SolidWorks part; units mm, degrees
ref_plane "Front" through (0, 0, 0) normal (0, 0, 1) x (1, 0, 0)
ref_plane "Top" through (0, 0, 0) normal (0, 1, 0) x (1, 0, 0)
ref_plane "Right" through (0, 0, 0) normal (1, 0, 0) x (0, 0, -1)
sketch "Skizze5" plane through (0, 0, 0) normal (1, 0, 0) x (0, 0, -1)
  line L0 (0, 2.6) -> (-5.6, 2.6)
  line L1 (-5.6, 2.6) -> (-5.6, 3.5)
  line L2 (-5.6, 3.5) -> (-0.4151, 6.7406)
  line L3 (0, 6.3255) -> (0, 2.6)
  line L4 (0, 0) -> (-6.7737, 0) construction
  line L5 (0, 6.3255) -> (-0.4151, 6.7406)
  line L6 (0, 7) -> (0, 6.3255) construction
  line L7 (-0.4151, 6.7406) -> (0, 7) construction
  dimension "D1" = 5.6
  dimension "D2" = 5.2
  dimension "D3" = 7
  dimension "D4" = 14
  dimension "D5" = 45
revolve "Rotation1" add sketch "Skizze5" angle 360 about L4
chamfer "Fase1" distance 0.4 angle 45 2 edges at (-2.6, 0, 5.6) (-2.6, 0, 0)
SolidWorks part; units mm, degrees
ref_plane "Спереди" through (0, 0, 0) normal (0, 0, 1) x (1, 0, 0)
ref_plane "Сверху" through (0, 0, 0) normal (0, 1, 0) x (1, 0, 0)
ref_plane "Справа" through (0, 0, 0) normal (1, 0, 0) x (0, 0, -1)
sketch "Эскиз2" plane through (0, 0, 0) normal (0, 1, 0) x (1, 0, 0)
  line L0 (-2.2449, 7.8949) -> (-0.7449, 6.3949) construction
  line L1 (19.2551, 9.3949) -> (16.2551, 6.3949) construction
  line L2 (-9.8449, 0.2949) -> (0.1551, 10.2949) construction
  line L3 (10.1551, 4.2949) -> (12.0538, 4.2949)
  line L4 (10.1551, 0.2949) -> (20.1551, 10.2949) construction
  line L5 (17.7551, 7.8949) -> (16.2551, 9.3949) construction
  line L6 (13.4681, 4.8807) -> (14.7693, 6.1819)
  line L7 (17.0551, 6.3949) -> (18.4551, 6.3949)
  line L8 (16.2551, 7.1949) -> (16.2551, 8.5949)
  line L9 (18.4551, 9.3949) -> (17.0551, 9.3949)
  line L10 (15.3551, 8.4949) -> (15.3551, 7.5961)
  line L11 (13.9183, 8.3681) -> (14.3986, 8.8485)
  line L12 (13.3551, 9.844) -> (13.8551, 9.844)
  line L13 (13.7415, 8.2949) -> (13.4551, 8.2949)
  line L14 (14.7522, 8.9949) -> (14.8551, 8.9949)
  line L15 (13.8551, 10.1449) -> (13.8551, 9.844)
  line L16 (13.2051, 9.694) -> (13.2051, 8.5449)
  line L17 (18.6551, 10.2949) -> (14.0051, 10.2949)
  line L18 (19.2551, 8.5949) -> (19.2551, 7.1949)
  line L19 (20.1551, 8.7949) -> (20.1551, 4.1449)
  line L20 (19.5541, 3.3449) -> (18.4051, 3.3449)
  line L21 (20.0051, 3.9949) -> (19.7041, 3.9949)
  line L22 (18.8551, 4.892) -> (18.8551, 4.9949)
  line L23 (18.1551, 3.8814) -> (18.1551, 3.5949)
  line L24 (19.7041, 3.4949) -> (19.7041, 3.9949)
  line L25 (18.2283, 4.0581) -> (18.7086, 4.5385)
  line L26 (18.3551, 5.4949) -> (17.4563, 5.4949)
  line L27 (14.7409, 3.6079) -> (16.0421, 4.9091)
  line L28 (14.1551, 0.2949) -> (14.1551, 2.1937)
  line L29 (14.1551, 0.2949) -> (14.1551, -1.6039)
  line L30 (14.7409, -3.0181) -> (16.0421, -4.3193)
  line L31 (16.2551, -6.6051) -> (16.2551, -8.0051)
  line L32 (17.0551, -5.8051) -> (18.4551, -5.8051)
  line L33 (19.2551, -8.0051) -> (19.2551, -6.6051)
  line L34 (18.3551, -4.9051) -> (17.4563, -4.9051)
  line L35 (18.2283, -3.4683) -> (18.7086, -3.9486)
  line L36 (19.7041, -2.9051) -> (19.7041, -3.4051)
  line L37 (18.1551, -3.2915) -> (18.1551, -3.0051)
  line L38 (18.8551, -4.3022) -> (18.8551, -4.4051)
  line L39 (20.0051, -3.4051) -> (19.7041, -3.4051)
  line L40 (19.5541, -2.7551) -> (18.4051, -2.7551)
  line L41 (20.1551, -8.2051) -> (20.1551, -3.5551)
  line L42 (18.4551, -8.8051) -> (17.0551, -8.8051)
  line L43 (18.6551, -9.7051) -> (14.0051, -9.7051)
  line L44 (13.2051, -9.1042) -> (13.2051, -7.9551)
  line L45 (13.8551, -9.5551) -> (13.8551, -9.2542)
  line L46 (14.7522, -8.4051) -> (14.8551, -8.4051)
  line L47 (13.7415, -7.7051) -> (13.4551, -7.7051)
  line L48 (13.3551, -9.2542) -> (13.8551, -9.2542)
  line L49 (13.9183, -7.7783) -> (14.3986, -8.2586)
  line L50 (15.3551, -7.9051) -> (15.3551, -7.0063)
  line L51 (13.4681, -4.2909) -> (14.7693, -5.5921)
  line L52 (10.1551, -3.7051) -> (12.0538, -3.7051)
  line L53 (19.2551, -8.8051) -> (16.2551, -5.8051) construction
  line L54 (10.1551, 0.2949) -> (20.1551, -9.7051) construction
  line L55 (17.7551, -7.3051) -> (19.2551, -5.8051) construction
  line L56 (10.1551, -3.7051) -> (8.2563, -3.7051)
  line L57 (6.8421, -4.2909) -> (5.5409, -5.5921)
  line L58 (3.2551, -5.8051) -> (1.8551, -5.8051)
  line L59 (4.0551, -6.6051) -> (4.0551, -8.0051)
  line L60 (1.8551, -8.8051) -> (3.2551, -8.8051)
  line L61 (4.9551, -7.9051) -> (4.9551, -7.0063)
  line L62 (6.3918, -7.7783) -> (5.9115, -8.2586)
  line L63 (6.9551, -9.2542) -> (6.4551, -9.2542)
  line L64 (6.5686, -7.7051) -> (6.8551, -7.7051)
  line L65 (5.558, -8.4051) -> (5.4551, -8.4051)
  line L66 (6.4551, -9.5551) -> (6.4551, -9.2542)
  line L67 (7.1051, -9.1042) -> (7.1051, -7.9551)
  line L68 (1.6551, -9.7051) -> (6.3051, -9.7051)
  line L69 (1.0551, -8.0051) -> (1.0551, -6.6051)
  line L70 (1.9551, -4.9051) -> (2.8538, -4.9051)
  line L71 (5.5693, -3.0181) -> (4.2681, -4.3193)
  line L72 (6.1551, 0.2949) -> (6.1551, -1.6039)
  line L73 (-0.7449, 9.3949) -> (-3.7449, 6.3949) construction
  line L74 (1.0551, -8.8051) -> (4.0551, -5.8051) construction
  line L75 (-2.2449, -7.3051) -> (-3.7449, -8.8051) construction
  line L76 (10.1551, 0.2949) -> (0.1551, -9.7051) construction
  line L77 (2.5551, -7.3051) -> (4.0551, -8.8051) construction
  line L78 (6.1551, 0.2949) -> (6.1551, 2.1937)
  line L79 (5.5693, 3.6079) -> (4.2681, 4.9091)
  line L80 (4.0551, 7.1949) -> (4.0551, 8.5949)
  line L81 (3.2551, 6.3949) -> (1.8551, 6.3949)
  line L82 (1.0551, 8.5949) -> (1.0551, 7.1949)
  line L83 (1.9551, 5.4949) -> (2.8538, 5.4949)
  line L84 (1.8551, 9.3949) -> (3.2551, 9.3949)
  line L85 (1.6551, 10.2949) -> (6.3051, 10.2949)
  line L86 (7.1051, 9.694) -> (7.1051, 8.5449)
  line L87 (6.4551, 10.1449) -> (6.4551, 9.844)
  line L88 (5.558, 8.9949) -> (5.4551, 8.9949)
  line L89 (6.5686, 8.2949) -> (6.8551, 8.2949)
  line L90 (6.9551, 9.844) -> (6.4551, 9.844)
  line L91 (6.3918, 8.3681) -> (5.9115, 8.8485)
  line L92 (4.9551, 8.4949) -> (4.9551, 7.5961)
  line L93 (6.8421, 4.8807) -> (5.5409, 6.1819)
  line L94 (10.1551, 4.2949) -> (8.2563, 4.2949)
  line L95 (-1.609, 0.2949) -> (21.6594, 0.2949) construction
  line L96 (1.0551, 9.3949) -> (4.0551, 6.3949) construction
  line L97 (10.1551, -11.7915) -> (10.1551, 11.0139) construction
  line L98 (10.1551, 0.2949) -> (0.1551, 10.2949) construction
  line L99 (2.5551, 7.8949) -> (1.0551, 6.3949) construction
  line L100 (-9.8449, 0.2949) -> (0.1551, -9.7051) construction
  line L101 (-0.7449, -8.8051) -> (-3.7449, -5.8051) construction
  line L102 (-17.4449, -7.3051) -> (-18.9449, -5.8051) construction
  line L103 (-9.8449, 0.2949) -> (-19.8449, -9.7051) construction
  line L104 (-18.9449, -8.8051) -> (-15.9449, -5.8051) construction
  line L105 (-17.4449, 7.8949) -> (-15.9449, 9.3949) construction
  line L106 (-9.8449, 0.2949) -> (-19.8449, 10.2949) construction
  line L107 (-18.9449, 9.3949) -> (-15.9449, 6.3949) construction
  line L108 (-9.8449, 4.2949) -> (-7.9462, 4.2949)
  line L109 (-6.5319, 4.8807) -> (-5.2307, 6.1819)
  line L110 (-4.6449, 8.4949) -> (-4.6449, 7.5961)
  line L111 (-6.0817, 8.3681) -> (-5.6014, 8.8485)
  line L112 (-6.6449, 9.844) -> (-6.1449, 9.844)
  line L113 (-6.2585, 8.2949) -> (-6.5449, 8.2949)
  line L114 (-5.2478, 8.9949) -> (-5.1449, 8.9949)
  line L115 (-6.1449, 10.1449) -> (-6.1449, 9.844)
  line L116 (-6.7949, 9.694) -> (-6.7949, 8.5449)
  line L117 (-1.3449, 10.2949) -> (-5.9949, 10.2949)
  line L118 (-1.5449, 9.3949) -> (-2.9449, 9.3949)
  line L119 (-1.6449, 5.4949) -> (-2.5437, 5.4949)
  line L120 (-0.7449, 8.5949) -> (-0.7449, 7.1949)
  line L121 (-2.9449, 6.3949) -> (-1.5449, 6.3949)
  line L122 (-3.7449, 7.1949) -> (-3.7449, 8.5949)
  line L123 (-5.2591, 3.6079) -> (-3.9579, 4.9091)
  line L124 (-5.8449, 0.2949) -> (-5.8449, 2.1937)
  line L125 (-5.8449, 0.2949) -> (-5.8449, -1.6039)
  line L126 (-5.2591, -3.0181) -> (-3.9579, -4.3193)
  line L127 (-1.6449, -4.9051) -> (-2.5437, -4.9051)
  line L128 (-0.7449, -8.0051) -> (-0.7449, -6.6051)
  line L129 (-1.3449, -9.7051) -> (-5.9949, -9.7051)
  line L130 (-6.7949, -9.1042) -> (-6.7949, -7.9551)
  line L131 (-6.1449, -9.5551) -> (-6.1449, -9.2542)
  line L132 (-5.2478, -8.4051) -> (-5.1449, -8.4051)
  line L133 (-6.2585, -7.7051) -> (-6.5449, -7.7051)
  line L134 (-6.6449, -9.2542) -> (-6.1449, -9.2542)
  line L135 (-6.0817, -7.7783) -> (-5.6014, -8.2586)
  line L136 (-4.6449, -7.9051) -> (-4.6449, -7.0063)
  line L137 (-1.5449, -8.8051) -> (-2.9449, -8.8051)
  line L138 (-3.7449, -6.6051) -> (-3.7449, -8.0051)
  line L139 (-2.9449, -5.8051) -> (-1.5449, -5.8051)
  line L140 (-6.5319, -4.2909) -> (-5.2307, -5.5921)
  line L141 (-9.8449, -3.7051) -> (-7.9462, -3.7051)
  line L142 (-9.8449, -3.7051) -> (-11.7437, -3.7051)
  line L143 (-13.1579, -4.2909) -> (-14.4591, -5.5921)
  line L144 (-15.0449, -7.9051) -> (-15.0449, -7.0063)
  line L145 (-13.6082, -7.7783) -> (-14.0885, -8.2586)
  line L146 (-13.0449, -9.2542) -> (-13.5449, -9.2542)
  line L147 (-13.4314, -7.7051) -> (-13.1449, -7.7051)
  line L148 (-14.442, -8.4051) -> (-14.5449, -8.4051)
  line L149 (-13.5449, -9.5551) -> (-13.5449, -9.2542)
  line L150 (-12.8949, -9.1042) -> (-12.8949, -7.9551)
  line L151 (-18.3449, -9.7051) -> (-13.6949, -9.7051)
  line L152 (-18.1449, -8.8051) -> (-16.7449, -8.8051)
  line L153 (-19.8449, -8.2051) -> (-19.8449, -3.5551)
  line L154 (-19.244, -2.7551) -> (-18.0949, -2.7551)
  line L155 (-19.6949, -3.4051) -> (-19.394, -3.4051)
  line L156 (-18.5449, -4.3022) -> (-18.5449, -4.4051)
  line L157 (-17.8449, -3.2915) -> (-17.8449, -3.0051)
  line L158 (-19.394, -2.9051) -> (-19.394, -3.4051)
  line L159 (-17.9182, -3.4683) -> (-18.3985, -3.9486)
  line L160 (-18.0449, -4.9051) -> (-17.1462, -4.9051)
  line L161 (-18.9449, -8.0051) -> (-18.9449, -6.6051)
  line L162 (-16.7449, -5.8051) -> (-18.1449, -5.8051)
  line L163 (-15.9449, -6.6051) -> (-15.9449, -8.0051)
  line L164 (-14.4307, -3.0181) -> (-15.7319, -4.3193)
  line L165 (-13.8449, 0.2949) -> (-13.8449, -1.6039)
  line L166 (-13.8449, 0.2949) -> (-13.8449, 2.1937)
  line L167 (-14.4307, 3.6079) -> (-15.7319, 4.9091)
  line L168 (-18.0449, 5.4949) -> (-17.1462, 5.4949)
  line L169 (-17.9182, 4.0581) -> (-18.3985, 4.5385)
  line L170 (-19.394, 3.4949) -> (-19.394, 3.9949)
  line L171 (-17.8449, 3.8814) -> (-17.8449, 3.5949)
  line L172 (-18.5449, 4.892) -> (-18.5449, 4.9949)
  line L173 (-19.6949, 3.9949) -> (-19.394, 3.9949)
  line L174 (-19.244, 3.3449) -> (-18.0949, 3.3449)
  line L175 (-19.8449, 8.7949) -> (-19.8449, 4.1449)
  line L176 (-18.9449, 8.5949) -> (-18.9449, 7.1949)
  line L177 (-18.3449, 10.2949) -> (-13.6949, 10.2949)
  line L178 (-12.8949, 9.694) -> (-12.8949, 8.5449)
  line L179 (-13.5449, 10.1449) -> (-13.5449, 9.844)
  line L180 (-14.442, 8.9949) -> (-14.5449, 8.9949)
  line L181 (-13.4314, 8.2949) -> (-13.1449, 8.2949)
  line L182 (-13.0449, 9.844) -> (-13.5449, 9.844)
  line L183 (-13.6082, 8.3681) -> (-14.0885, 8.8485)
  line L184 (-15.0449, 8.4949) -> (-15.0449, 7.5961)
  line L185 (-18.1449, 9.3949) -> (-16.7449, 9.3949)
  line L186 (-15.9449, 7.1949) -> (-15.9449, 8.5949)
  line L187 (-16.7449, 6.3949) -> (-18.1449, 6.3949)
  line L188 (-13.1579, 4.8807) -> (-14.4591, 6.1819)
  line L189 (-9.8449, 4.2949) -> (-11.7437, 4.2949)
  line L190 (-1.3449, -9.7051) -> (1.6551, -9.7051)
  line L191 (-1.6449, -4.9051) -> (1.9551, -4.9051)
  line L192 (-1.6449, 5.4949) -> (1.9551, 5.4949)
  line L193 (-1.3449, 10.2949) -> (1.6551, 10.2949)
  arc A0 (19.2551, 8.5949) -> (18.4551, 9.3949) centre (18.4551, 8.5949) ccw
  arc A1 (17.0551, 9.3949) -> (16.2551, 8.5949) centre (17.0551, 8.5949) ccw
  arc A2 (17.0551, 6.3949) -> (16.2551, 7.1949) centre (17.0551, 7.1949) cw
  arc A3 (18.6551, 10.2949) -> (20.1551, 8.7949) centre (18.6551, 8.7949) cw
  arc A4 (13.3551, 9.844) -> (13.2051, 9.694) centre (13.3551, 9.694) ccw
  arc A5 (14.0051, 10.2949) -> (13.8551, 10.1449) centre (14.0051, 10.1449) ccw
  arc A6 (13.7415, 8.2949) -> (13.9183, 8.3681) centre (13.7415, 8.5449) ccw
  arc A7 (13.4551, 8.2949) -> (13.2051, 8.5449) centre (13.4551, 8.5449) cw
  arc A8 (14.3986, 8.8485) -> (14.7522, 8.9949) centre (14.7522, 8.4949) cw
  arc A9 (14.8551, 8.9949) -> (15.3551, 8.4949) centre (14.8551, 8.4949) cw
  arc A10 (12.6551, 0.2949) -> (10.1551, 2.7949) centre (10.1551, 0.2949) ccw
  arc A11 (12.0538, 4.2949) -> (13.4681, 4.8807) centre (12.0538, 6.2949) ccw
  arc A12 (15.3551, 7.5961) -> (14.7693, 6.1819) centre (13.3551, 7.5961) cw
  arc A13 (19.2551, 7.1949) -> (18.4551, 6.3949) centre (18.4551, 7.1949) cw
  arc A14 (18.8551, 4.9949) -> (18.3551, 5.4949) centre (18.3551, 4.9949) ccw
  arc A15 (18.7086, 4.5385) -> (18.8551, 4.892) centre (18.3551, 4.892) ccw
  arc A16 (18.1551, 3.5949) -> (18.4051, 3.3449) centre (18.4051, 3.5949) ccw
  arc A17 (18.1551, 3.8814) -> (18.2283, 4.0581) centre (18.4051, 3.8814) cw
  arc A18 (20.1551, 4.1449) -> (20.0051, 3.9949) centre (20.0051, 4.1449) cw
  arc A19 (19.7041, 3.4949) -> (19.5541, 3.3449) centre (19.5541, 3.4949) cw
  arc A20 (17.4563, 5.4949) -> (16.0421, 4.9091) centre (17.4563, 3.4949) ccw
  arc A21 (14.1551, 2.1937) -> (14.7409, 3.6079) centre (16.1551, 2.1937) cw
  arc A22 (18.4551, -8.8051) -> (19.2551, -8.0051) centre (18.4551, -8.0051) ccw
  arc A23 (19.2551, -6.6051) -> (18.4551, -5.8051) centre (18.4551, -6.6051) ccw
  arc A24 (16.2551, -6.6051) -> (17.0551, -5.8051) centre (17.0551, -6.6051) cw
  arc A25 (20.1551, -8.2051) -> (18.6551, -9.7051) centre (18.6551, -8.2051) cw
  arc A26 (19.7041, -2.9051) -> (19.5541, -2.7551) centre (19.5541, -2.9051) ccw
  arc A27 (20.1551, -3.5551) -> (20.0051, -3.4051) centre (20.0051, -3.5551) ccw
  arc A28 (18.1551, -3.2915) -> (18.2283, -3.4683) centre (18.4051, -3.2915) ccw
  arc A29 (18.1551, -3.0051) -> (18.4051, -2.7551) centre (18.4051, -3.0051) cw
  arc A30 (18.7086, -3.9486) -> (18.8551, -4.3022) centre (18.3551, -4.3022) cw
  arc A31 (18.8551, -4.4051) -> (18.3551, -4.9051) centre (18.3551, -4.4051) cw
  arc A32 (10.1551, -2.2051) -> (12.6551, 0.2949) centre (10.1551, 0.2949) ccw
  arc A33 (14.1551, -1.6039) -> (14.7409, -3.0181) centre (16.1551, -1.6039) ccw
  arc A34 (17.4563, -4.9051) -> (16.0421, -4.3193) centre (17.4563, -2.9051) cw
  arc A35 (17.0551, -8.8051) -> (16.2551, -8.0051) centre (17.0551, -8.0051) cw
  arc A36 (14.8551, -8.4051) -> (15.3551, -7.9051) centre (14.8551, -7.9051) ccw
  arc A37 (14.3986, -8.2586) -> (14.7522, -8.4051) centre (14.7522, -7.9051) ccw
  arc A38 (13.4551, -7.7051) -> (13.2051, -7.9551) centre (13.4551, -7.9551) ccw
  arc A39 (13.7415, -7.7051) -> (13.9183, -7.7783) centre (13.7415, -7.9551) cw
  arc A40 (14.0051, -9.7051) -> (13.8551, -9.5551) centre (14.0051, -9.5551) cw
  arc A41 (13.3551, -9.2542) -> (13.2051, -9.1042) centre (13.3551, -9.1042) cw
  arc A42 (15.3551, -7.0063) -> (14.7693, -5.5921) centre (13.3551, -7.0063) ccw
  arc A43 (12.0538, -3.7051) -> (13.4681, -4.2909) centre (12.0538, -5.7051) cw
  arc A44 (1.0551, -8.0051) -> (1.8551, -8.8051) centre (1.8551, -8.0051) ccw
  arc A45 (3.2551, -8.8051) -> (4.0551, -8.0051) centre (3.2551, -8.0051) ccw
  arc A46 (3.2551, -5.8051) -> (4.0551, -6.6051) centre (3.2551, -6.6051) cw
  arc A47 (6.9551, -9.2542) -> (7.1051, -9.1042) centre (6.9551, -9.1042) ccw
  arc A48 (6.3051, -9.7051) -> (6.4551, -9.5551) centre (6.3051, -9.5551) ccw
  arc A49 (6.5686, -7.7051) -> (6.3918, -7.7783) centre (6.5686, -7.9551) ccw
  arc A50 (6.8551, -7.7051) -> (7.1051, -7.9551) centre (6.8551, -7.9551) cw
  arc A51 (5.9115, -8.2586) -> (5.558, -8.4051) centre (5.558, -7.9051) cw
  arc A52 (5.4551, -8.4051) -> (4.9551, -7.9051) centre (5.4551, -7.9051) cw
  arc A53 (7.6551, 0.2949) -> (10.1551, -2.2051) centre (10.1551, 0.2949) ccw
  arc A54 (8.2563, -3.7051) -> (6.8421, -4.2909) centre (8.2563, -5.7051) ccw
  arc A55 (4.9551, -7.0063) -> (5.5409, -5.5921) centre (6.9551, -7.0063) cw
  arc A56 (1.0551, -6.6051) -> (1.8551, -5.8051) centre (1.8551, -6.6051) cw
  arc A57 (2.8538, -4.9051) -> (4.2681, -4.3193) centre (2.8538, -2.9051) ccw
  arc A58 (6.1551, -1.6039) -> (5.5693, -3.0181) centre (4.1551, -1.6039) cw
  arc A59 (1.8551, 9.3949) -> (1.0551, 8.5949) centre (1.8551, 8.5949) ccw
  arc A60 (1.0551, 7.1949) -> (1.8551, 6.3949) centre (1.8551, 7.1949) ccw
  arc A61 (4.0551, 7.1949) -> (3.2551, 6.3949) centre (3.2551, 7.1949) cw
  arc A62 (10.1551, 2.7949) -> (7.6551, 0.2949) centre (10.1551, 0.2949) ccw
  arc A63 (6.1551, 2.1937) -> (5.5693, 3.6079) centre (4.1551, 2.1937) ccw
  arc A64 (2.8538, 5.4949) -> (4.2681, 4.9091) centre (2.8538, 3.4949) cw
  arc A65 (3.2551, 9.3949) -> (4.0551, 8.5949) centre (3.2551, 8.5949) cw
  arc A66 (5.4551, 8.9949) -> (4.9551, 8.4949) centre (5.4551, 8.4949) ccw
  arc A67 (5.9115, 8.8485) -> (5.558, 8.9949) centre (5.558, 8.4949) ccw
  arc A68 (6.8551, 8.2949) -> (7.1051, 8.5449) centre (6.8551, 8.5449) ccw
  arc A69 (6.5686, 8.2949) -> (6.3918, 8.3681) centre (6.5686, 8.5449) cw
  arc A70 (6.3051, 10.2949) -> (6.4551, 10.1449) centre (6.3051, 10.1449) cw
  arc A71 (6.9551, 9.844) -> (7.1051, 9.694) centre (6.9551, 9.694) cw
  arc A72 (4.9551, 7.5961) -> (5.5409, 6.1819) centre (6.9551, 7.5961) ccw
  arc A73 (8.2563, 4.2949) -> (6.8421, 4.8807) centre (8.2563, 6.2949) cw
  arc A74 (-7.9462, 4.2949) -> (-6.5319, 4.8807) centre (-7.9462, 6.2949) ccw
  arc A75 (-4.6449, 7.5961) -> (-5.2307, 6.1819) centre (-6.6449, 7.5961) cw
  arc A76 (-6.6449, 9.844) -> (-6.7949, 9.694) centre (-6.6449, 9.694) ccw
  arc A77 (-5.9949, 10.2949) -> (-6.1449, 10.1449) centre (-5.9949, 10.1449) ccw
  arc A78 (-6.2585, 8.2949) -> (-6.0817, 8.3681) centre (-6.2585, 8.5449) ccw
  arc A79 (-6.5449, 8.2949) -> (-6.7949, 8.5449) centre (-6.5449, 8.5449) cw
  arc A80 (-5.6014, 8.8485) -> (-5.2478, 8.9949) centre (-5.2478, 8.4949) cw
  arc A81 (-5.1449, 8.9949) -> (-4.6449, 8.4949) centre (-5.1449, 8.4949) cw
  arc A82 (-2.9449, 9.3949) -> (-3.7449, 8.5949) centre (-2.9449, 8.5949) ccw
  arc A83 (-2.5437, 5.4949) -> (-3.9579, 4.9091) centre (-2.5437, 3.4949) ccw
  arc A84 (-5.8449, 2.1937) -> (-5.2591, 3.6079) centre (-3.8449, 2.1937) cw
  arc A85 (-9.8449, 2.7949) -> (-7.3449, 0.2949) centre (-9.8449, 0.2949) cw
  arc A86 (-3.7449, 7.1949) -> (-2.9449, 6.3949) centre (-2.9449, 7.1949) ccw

----------

Your assignment —
Copy verbatim, from the listing above, each line from the one containing "line L113 (-6.2585, 8.2949)" down to the one containing "line L128 (-0.7449, -8.0051)", inclusive.

Solution —
  line L113 (-6.2585, 8.2949) -> (-6.5449, 8.2949)
  line L114 (-5.2478, 8.9949) -> (-5.1449, 8.9949)
  line L115 (-6.1449, 10.1449) -> (-6.1449, 9.844)
  line L116 (-6.7949, 9.694) -> (-6.7949, 8.5449)
  line L117 (-1.3449, 10.2949) -> (-5.9949, 10.2949)
  line L118 (-1.5449, 9.3949) -> (-2.9449, 9.3949)
  line L119 (-1.6449, 5.4949) -> (-2.5437, 5.4949)
  line L120 (-0.7449, 8.5949) -> (-0.7449, 7.1949)
  line L121 (-2.9449, 6.3949) -> (-1.5449, 6.3949)
  line L122 (-3.7449, 7.1949) -> (-3.7449, 8.5949)
  line L123 (-5.2591, 3.6079) -> (-3.9579, 4.9091)
  line L124 (-5.8449, 0.2949) -> (-5.8449, 2.1937)
  line L125 (-5.8449, 0.2949) -> (-5.8449, -1.6039)
  line L126 (-5.2591, -3.0181) -> (-3.9579, -4.3193)
  line L127 (-1.6449, -4.9051) -> (-2.5437, -4.9051)
  line L128 (-0.7449, -8.0051) -> (-0.7449, -6.6051)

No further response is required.